Earth and Planetary Science Letters 425: 187–192
doi:10.1016/j.epsl.2015.06.009
http://www.sciencedirect.com/science/article/pii/S0012821X15003659

Highlights

The crater inventory at Earth's surface is probably complete above 6
km diameter.
Some 350 undiscovered craters between 0.25 km and 6 km wide should be present.
Long-term erosion rates might be closer to present-day rates than assumed.

Abstract

Only 128 impact craters exposed at Earth's surface have been found so
far, while new craters are discovered occasionally. Taking into
account the permanent consumption of craters by erosion we present the
first estimate on the number of impact craters that should be present
at Earth's surface. Our study yields no evidence for any systematic
incompleteness in the available inventory of the craters larger than
about 6 km in diameter exposed at the surface. In contrast, more than
90 craters in the diameter range from 1 km to 6 km should still be
waiting to be discovered, and even more than 250 between 0.25 km and 1
km diameter.
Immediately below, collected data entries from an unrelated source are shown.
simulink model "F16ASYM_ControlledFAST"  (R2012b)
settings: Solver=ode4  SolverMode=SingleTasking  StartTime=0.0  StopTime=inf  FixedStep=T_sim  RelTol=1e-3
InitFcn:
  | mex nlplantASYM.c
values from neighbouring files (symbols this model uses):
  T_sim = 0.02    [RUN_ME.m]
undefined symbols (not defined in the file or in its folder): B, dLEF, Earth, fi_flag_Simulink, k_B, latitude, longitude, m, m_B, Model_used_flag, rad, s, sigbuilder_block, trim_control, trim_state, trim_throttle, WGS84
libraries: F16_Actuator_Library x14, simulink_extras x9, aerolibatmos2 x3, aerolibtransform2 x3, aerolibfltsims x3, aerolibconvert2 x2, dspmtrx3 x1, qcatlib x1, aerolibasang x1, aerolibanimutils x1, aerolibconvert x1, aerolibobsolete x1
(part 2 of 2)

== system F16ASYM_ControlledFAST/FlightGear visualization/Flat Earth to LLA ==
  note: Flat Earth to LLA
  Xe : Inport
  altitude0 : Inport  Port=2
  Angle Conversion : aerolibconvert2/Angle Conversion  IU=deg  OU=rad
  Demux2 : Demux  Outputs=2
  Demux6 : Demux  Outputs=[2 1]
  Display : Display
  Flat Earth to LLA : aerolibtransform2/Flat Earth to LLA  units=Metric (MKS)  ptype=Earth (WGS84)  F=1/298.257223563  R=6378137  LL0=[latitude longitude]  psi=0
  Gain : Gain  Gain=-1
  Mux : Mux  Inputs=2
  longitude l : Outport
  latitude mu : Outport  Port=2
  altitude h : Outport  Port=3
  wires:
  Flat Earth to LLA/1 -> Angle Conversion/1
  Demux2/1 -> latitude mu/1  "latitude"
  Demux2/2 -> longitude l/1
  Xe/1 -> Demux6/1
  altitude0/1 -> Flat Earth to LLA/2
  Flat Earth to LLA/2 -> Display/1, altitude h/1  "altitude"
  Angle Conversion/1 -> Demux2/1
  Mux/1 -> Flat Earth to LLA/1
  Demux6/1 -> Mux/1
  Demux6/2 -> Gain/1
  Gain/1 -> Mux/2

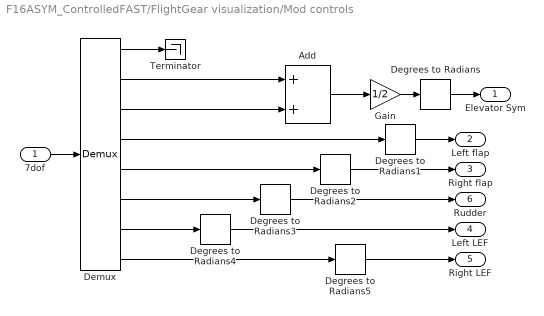
== system F16ASYM_ControlledFAST/FlightGear visualization/Mod controls ==
  "7dof " : Inport
  Add : Sum
  Degrees to Radians{,1..5} (6 alike) : simulink_extras/Transformations/Degrees to Radians
  Demux : Demux  Outputs=8
  Gain : Gain  Gain=1/2
  Terminator : Terminator
  Elevator Sym : Outport
  Left flap : Outport  Port=2
  Right flap : Outport  Port=3
  Left LEF : Outport  Port=4
  Right LEF : Outport  Port=5
  Rudder : Outport  Port=6
  wires:
  "7dof "/1 -> Demux/1
  Demux/2 -> Add/1
  Demux/3 -> Add/2
  Add/1 -> Gain/1
  Gain/1 -> Degrees to Radians/1
  Demux/4 -> Degrees to Radians1/1
  Demux/5 -> Degrees to Radians2/1
  Demux/6 -> Degrees to Radians3/1
  Demux/7 -> Degrees to Radians4/1
  Demux/8 -> Degrees to Radians5/1
  Demux/1 -> Terminator/1
  Degrees to Radians/1 -> Elevator Sym/1
  Degrees to Radians1/1 -> Left flap/1
  Degrees to Radians2/1 -> Right flap/1
  Degrees to Radians3/1 -> Rudder/1
  Degrees to Radians4/1 -> Left LEF/1
  Degrees to Radians5/1 -> Right LEF/1

== system F16ASYM_ControlledFAST/FlightGear visualization/phidot thetadot psidot ==
  pqr : Inport
  phi theta psi : Inport  Port=2
  Concatenate1 : Concatenate  NumInputs=3
  Concatenate2 : Concatenate  NumInputs=3
  SinCos : aerolibobsolete/SinCos
  keep angles in range [-pi pi] : Trigonometry  Operator=atan2
  phidot : Fcn  Expr=u[1]+(u[2]*u[4]+u[3]*u[7])*(u[5]/u[8])
  psidot : Fcn  Expr=(u[2]*u[4]+u[3]*u[7])/u[8]
  thetadot : Fcn  Expr=u[2]*u[7]-u[3]*u[4]
  ptp_earth : Outport
  ptp_dot : Outport  Port=2
  wires:
  SinCos/2 -> Concatenate1/3, keep angles in range [-pi pi]/2
  SinCos/1 -> Concatenate1/2, keep angles in range [-pi pi]/1
  Concatenate2/1 -> ptp_dot/1
  phidot/1 -> Concatenate2/1
  thetadot/1 -> Concatenate2/2
  psidot/1 -> Concatenate2/3
  phi theta psi/1 -> SinCos/1
  pqr/1 -> Concatenate1/1
  Concatenate1/1 -> thetadot/1, phidot/1, psidot/1
  keep angles in range [-pi pi]/1 -> ptp_earth/1

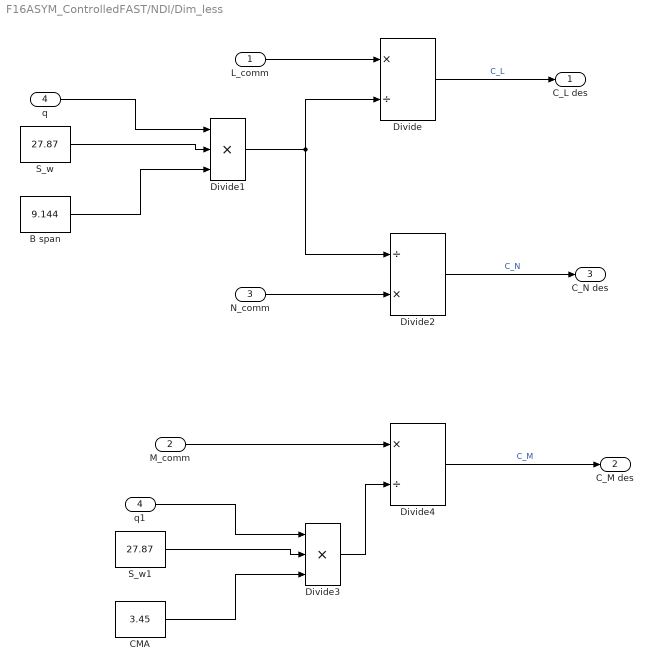
== system F16ASYM_ControlledFAST/NDI/Dim_less ==
  L_comm : Inport
  M_comm : Inport  Port=2
  N_comm : Inport  Port=3
  q : Inport  Port=4
  B span : Constant  Value=9.144
  CMA : Constant  Value=3.45
  Divide : Product  Inputs=*/
  Divide1 : Product  Inputs=***
  Divide2 : Product  Inputs=/*
  Divide3 : Product  Inputs=***
  Divide4 : Product  Inputs=*/
  S_w : Constant  Value=27.87
  S_w1 : Constant  Value=27.87
  q1 : InportShadow  Port=4
  C_L des : Outport
  C_M des : Outport  Port=2
  C_N des : Outport  Port=3
  wires:
  q/1 -> Divide1/1
  S_w/1 -> Divide1/2
  B span/1 -> Divide1/3
  L_comm/1 -> Divide/1
  Divide1/1 -> Divide2/1, Divide/2
  Divide/1 -> C_L des/1  "C_L"
  N_comm/1 -> Divide2/2
  Divide2/1 -> C_N des/1  "C_N"
  q1/1 -> Divide3/1
  S_w1/1 -> Divide3/2
  CMA/1 -> Divide3/3
  M_comm/1 -> Divide4/1
  Divide3/1 -> Divide4/2
  Divide4/1 -> C_M des/1  "C_M"

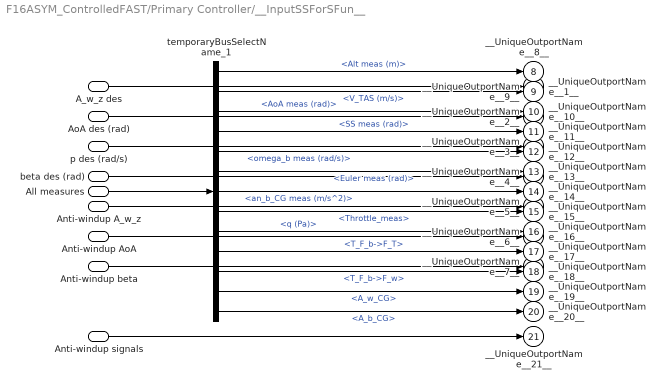
== system F16ASYM_ControlledFAST/Primary Controller/__InputSSForSFun__ ==
  A_w_z des : Inport
  AoA des (rad) : Inport  Port=2
  p des (rad/s) : Inport  Port=3
  beta des (rad) : Inport  Port=4
  Anti-windup A_w_z : Inport  Port=5
  Anti-windup AoA : Inport  Port=6
  Anti-windup beta : Inport  Port=7
  All measures : Inport  Port=8
  Anti-windup signals : Inport  Port=9
  temporaryBusSelectName_1 : BusSelector  OutputSignals=signal1.Alt meas (m),signal1.V_TAS (m/s),signal1.AoA meas (rad),signal1.SS meas (rad),signal1.omega_b meas (rad/s),signal1.Euler meas (rad),signal1.an_b_CG meas (m/s^2),signal1.Throttle_meas,signal2.q (Pa),signal2.T_F_b->F_T,signal2.T_F_b->F_w,signal2.A_w_CG,signal2.A_b_CG
  __UniqueOutportName__1__ : Outport
  __UniqueOutportName__2__ : Outport  Port=2
  __UniqueOutportName__3__ : Outport  Port=3
  __UniqueOutportName__4__ : Outport  Port=4
  __UniqueOutportName__5__ : Outport  Port=5
  __UniqueOutportName__6__ : Outport  Port=6
  __UniqueOutportName__7__ : Outport  Port=7
  __UniqueOutportName__8__ : Outport  Port=8
  __UniqueOutportName__9__ : Outport  Port=9
  __UniqueOutportName__10__ : Outport  Port=10
  __UniqueOutportName__11__ : Outport  Port=11
  __UniqueOutportName__12__ : Outport  Port=12
  __UniqueOutportName__13__ : Outport  Port=13
  __UniqueOutportName__14__ : Outport  Port=14
  __UniqueOutportName__15__ : Outport  Port=15
  __UniqueOutportName__16__ : Outport  Port=16
  __UniqueOutportName__17__ : Outport  Port=17
  __UniqueOutportName__18__ : Outport  Port=18
  __UniqueOutportName__19__ : Outport  Port=19
  __UniqueOutportName__20__ : Outport  Port=20
  __UniqueOutportName__21__ : Outport  Port=21
  wires:
  All measures/1 -> temporaryBusSelectName_1/1
  A_w_z des/1 -> __UniqueOutportName__1__/1
  AoA des (rad)/1 -> __UniqueOutportName__2__/1
  p des (rad/s)/1 -> __UniqueOutportName__3__/1
  beta des (rad)/1 -> __UniqueOutportName__4__/1
  Anti-windup A_w_z/1 -> __UniqueOutportName__5__/1
  Anti-windup AoA/1 -> __UniqueOutportName__6__/1
  Anti-windup beta/1 -> __UniqueOutportName__7__/1
  temporaryBusSelectName_1/1 -> __UniqueOutportName__8__/1  "<Alt meas (m)>"
  temporaryBusSelectName_1/2 -> __UniqueOutportName__9__/1  "<V_TAS (m/s)>"
  temporaryBusSelectName_1/3 -> __UniqueOutportName__10__/1  "<AoA meas (rad)>"
  temporaryBusSelectName_1/4 -> __UniqueOutportName__11__/1  "<SS meas (rad)>"
  temporaryBusSelectName_1/5 -> __UniqueOutportName__12__/1  "<omega_b meas (rad/s)>"
  temporaryBusSelectName_1/6 -> __UniqueOutportName__13__/1  "<Euler meas (rad)>"
  temporaryBusSelectName_1/7 -> __UniqueOutportName__14__/1  "<an_b_CG meas (m/s^2)>"
  temporaryBusSelectName_1/8 -> __UniqueOutportName__15__/1  "<Throttle_meas>"
  temporaryBusSelectName_1/9 -> __UniqueOutportName__16__/1  "<q (Pa)>"
  temporaryBusSelectName_1/10 -> __UniqueOutportName__17__/1  "<T_F_b->F_T>"
  temporaryBusSelectName_1/11 -> __UniqueOutportName__18__/1  "<T_F_b->F_w>"
  temporaryBusSelectName_1/12 -> __UniqueOutportName__19__/1  "<A_w_CG>"
  temporaryBusSelectName_1/13 -> __UniqueOutportName__20__/1  "<A_b_CG>"
  Anti-windup signals/1 -> __UniqueOutportName__21__/1

== system F16ASYM_ControlledFAST/Primary Controller/__OutputSSForSFun__ ==
  __UniqueInportName__1__ : Inport
  Angular acc des : Outport
  wires:
  __UniqueInportName__1__/1 -> Angular acc des/1

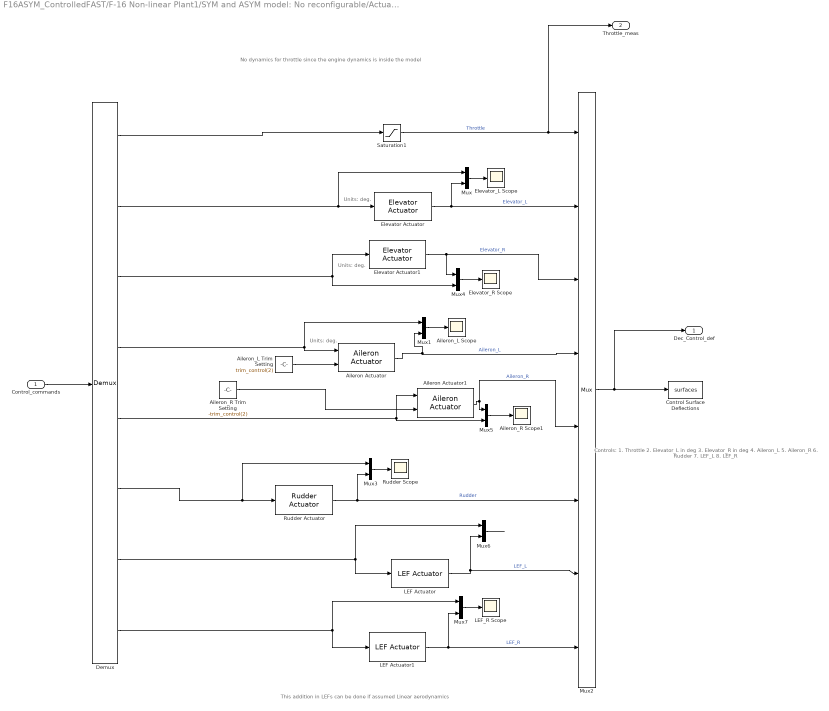
== system F16ASYM_ControlledFAST/F-16 Non-linear Plant1/SYM and ASYM model: No reconfigurable/Actuators Dynamcis ==
  note: Controls:
      | 1. Throttle
      | 2. Elevator_L in deg
      | 3. Elevator_R in deg
      | 4. Aileron_L
      | 5. Aileron_R
      | 6. Rudder
      | 7. LEF_L
      | 8. LEF_R
  note: Units: deg.
  note: Units: deg.
  note: Units: deg.
  note: This addition in LEFs can be done
      |  if assumed Linear aerodynamics
  note: No dynamics for throttle since the engine dynamics is inside the model
  Control_commands : Inport
  Aileron Actuator : F16_Actuator_Library/Aileron Actuator
  Aileron Actuator1 : F16_Actuator_Library/Aileron Actuator
  Aileron_L Scope : Scope
      settings: TimeRange=30  YMin=0  YMax=4.5  SaveName=ScopeData7
  Aileron_L Trim Setting : Constant  Value=trim_control(2)
  Aileron_R Scope1 : Scope
      settings: TimeRange=30  SaveName=ScopeData10
  Aileron_R Trim Setting : Constant  Value=-trim_control(2)
  Control Surface Deflections : ToWorkspace  VariableName=surfaces  SampleTime=-1
      settings: Decimation=100
  Demux : Demux  Outputs=8
  Elevator Actuator : F16_Actuator_Library/Elevator Actuator
  Elevator Actuator1 : F16_Actuator_Library/Elevator Actuator
  Elevator_L Scope : Scope
      settings: TimeRange=6  YMin=-2.1  YMax=-1.7  SaveName=ScopeData6
  Elevator_R Scope : Scope
      settings: TimeRange=4.5  YMin=-2.95  YMax=-2.4  SaveName=ScopeData9
  LEF Actuator : F16_Actuator_Library/LEF Actuator
  LEF Actuator1 : F16_Actuator_Library/LEF Actuator
  LEF_R Scope : Scope
      settings: YMin=5.75  YMax=5.92  SaveName=ScopeData12
  Mux{,1,3..7} (7 alike) : Mux  Inputs=2
  Mux2 : Mux  Inputs=8
  Rudder Actuator : F16_Actuator_Library/Rudder Actuator
  Rudder Scope : Scope
      settings: SaveName=ScopeData8
  Saturation1 : Saturate  UpperLimit=1  LowerLimit=0
  Dec_Control_def : Outport
  Throttle_meas : Outport  Port=2
  wires:
  Saturation1/1 -> Mux2/1, Throttle_meas/1  "Throttle"
  Aileron_R Trim Setting/1 -> Aileron Actuator1/2
  Aileron_L Trim Setting/1 -> Aileron Actuator/2
  Demux/1 -> Saturation1/1
  Mux7/1 -> LEF_R Scope/1
  LEF Actuator1/1 -> Mux7/2, Mux2/8  "LEF_R"
  Demux/8 -> Mux7/1, LEF Actuator1/1
  Mux6/1 -> ?
  LEF Actuator/1 -> Mux2/7, Mux6/2  "LEF_L"
  Demux/7 -> Mux6/1, LEF Actuator/1
  Mux5/1 -> Aileron_R Scope1/1
  Aileron Actuator1/1 -> Mux2/5, Mux5/1  "Aileron_R"
  Demux/5 -> Aileron Actuator1/1, Mux5/2
  Mux4/1 -> Elevator_R Scope/1
  Elevator Actuator1/1 -> Mux2/3, Mux4/1  "Elevator_R"
  Demux/3 -> Mux4/2, Elevator Actuator1/1
  Mux3/1 -> Rudder Scope/1
  Mux1/1 -> Aileron_L Scope/1
  Rudder Actuator/1 -> Mux2/6, Mux3/2  "Rudder"
  Aileron Actuator/1 -> Mux2/4, Mux1/2  "Aileron_L"
  Demux/6 -> Mux3/1, Rudder Actuator/1
  Demux/4 -> Aileron Actuator/1, Mux1/1
  Mux/1 -> Elevator_L Scope/1
  Elevator Actuator/1 -> Mux2/2, Mux/2  "Elevator_L"
  Mux2/1 -> Control Surface Deflections/1, Dec_Control_def/1
  Demux/2 -> Elevator Actuator/1, Mux/1
  Control_commands/1 -> Demux/1

== system F16ASYM_ControlledFAST/F-16 Non-linear Plant1/SYM and ASYM model: No reconfigurable/Leading Edge Flap:Symetric deflection ==
  note: Initialize LF_state with -alpha0 value in degrees!!!!
  note: Same as atmos() in nlplant...c
  note: see NASA Technical Paper 1538, p34
  state : Inport
  Bus Selector1 : BusSelector  OutputSignals=X_e,TAS,alpha;beta
  Creating    qbar / ps : Subsystem
  Demux : Demux  Outputs=3
  Demux1 : Demux  Outputs=2
  Gain : Gain  Gain=2  SaturateOnIntegerOverflow=on  OutDataTypeStr=Inherit: Same as input  ParamDataTypeStr=Inherit: Same as input
  Gain1 : Gain  Gain=7.25  SaturateOnIntegerOverflow=on  OutDataTypeStr=Inherit: Same as input  ParamDataTypeStr=Inherit: Same as input
  Gain2 : Gain  Gain=1.38  SaturateOnIntegerOverflow=on  OutDataTypeStr=Inherit: Same as input  ParamDataTypeStr=Inherit: Same as input
  LEF deflection : ToWorkspace  VariableName=d_LF  SampleTime=-1
      settings: Decimation=100
  LF_state : Integrator  InitialCondition=-trim_state(8)*180/pi
  Sum : Sum  Inputs=-|+|+  SaturateOnIntegerOverflow=on  InputSameDT=on  OutDataTypeStr=Inherit: Same as first input
  Sum1 : Sum  Inputs=|+-  SaturateOnIntegerOverflow=on  InputSameDT=on  OutDataTypeStr=Inherit: Same as first input
  Sum2 : Sum  Inputs=++|  SaturateOnIntegerOverflow=on  InputSameDT=on  OutDataTypeStr=Inherit: Same as first input
  coeff1 : Constant  Value=1.45
  r2d1 : Gain  Gain=180/pi  SaturateOnIntegerOverflow=on  OutDataTypeStr=Inherit: Same as input  ParamDataTypeStr=Inherit: Same as input
  r2d6 : Gain  Gain=9.05  SaturateOnIntegerOverflow=on  OutDataTypeStr=Inherit: Same as input  ParamDataTypeStr=Inherit: Same as input
  delta_lef (deg) : Outport
  wires:
  Bus Selector1/3 -> Demux1/1  "<alpha;beta>"
  Bus Selector1/1 -> Demux/1  "<X_e>"
  Demux/3 -> Creating    qbar / ps/1(alt)  "alt"
  r2d6/1 -> Sum/1
  Creating    qbar / ps/1(qbar / ps) -> r2d6/1
  Bus Selector1/2 -> Creating    qbar / ps/2(V)  "<TAS>"
  r2d1/1 -> Gain/1, Sum1/1  "alpha"
  LF_state/1 -> Sum2/2
  Sum2/1 -> Gain2/1, Sum1/2
  coeff1/1 -> Sum/3
  Demux1/1 -> r2d1/1
  Gain2/1 -> Sum/2
  Gain/1 -> Sum2/1
  Gain1/1 -> LF_state/1
  Sum1/1 -> Gain1/1
  state/1 -> Bus Selector1/1
  Sum/1 -> delta_lef (deg)/1, LEF deflection/1

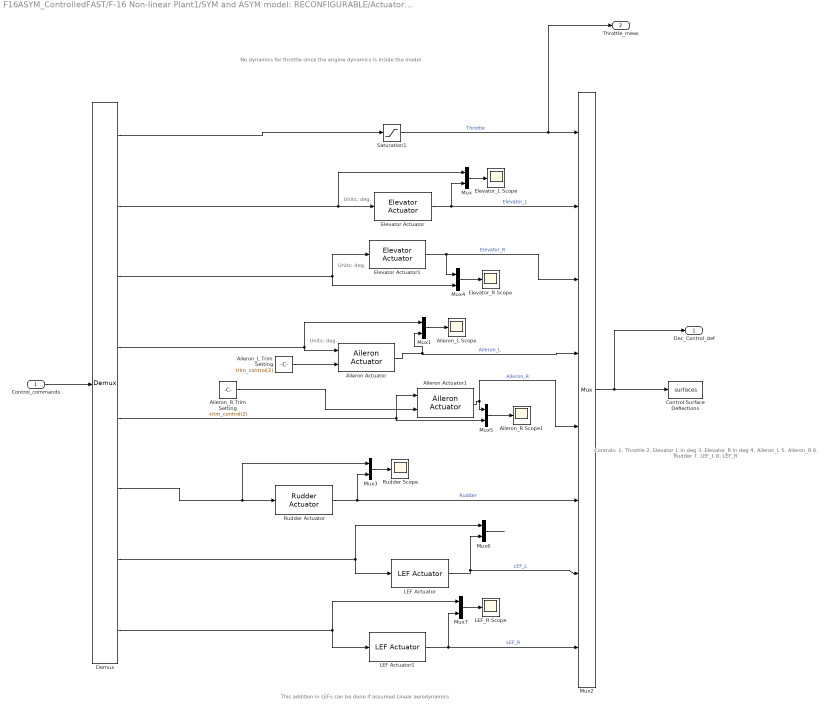
== system F16ASYM_ControlledFAST/F-16 Non-linear Plant1/SYM and ASYM model: RECONFIGURABLE/Actuators Dynamcis ==
  note: No dynamics for throttle since the engine dynamics is inside the model
  note: This addition in LEFs can be done
      |  if assumed Linear aerodynamics
  note: Units: deg.
  note: Units: deg.
  note: Units: deg.
  note: Controls:
      | 1. Throttle
      | 2. Elevator_L in deg
      | 3. Elevator_R in deg
      | 4. Aileron_L
      | 5. Aileron_R
      | 6. Rudder
      | 7. LEF_L
      | 8. LEF_R
  Control_commands : Inport
  Aileron Actuator : F16_Actuator_Library/Aileron Actuator
  Aileron Actuator1 : F16_Actuator_Library/Aileron Actuator
  Aileron_L Scope : Scope
      settings: TimeRange=30  YMin=0  YMax=4.5  SaveName=ScopeData7
  Aileron_L Trim Setting : Constant  Value=trim_control(2)
  Aileron_R Scope1 : Scope
      settings: TimeRange=30  SaveName=ScopeData10
  Aileron_R Trim Setting : Constant  Value=-trim_control(2)
  Control Surface Deflections : ToWorkspace  VariableName=surfaces  SampleTime=-1
      settings: Decimation=100
  Demux : Demux  Outputs=8
  Elevator Actuator : F16_Actuator_Library/Elevator Actuator
  Elevator Actuator1 : F16_Actuator_Library/Elevator Actuator
  Elevator_L Scope : Scope
      settings: TimeRange=5  YMin=-2.675  YMax=-2.125  SaveName=ScopeData6
  Elevator_R Scope : Scope
      settings: TimeRange=4.5  YMin=-2.95  YMax=-2.4  SaveName=ScopeData9
  LEF Actuator : F16_Actuator_Library/LEF Actuator
  LEF Actuator1 : F16_Actuator_Library/LEF Actuator
  LEF_R Scope : Scope
      settings: YMin=5.75  YMax=5.92  SaveName=ScopeData12
  Mux{,1,3..7} (7 alike) : Mux  Inputs=2
  Mux2 : Mux  Inputs=8
  Rudder Actuator : F16_Actuator_Library/Rudder Actuator
  Rudder Scope : Scope
      settings: SaveName=ScopeData8
  Saturation1 : Saturate  UpperLimit=1  LowerLimit=0
  Dec_Control_def : Outport
  Throttle_meas : Outport  Port=2
  wires:
  Control_commands/1 -> Demux/1
  Demux/2 -> Mux/1, Elevator Actuator/1
  Mux2/1 -> Dec_Control_def/1, Control Surface Deflections/1
  Elevator Actuator/1 -> Mux/2, Mux2/2  "Elevator_L"
  Mux/1 -> Elevator_L Scope/1
  Demux/4 -> Mux1/1, Aileron Actuator/1
  Demux/6 -> Rudder Actuator/1, Mux3/1
  Aileron Actuator/1 -> Mux1/2, Mux2/4  "Aileron_L"
  Rudder Actuator/1 -> Mux3/2, Mux2/6  "Rudder"
  Mux1/1 -> Aileron_L Scope/1
  Mux3/1 -> Rudder Scope/1
  Demux/3 -> Elevator Actuator1/1, Mux4/2
  Elevator Actuator1/1 -> Mux4/1, Mux2/3  "Elevator_R"
  Mux4/1 -> Elevator_R Scope/1
  Demux/5 -> Mux5/2, Aileron Actuator1/1
  Aileron Actuator1/1 -> Mux5/1, Mux2/5  "Aileron_R"
  Mux5/1 -> Aileron_R Scope1/1
  Demux/7 -> LEF Actuator/1, Mux6/1
  LEF Actuator/1 -> Mux6/2, Mux2/7  "LEF_L"
  Mux6/1 -> ?
  Demux/8 -> LEF Actuator1/1, Mux7/1
  LEF Actuator1/1 -> Mux2/8, Mux7/2  "LEF_R"
  Mux7/1 -> LEF_R Scope/1
  Demux/1 -> Saturation1/1
  Aileron_L Trim Setting/1 -> Aileron Actuator/2
  Aileron_R Trim Setting/1 -> Aileron Actuator1/2
  Saturation1/1 -> Throttle_meas/1, Mux2/1  "Throttle"

== system F16ASYM_ControlledFAST/F-16 Non-linear Plant1/SYM and ASYM model: RECONFIGURABLE/Leading Edge Flap:Symetric deflection ==
  note: see NASA Technical Paper 1538, p34
  note: Same as atmos() in nlplant...c
  note: Initialize LF_state with -alpha0 value in degrees!!!!
  state : Inport
  Bus Selector1 : BusSelector  OutputSignals=X_e,TAS,alpha;beta
  Creating    qbar / ps : Subsystem
  Demux : Demux  Outputs=3
  Demux1 : Demux  Outputs=2
  Gain : Gain  Gain=2  SaturateOnIntegerOverflow=on  OutDataTypeStr=Inherit: Same as input  ParamDataTypeStr=Inherit: Same as input
  Gain1 : Gain  Gain=7.25  SaturateOnIntegerOverflow=on  OutDataTypeStr=Inherit: Same as input  ParamDataTypeStr=Inherit: Same as input
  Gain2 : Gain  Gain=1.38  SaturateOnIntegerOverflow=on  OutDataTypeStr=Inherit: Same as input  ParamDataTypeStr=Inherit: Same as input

The transition from a probably complete inventory above 6
km to a strongly incomplete record at smaller sizes may be related to
the difference between simple and complex craters. Beyond these
results on the terrestrial crater record, our findings tentatively
suggest that erosion rates on the 10 to 100 million year scale may be
closer to present-day erosion rates than previously assumed.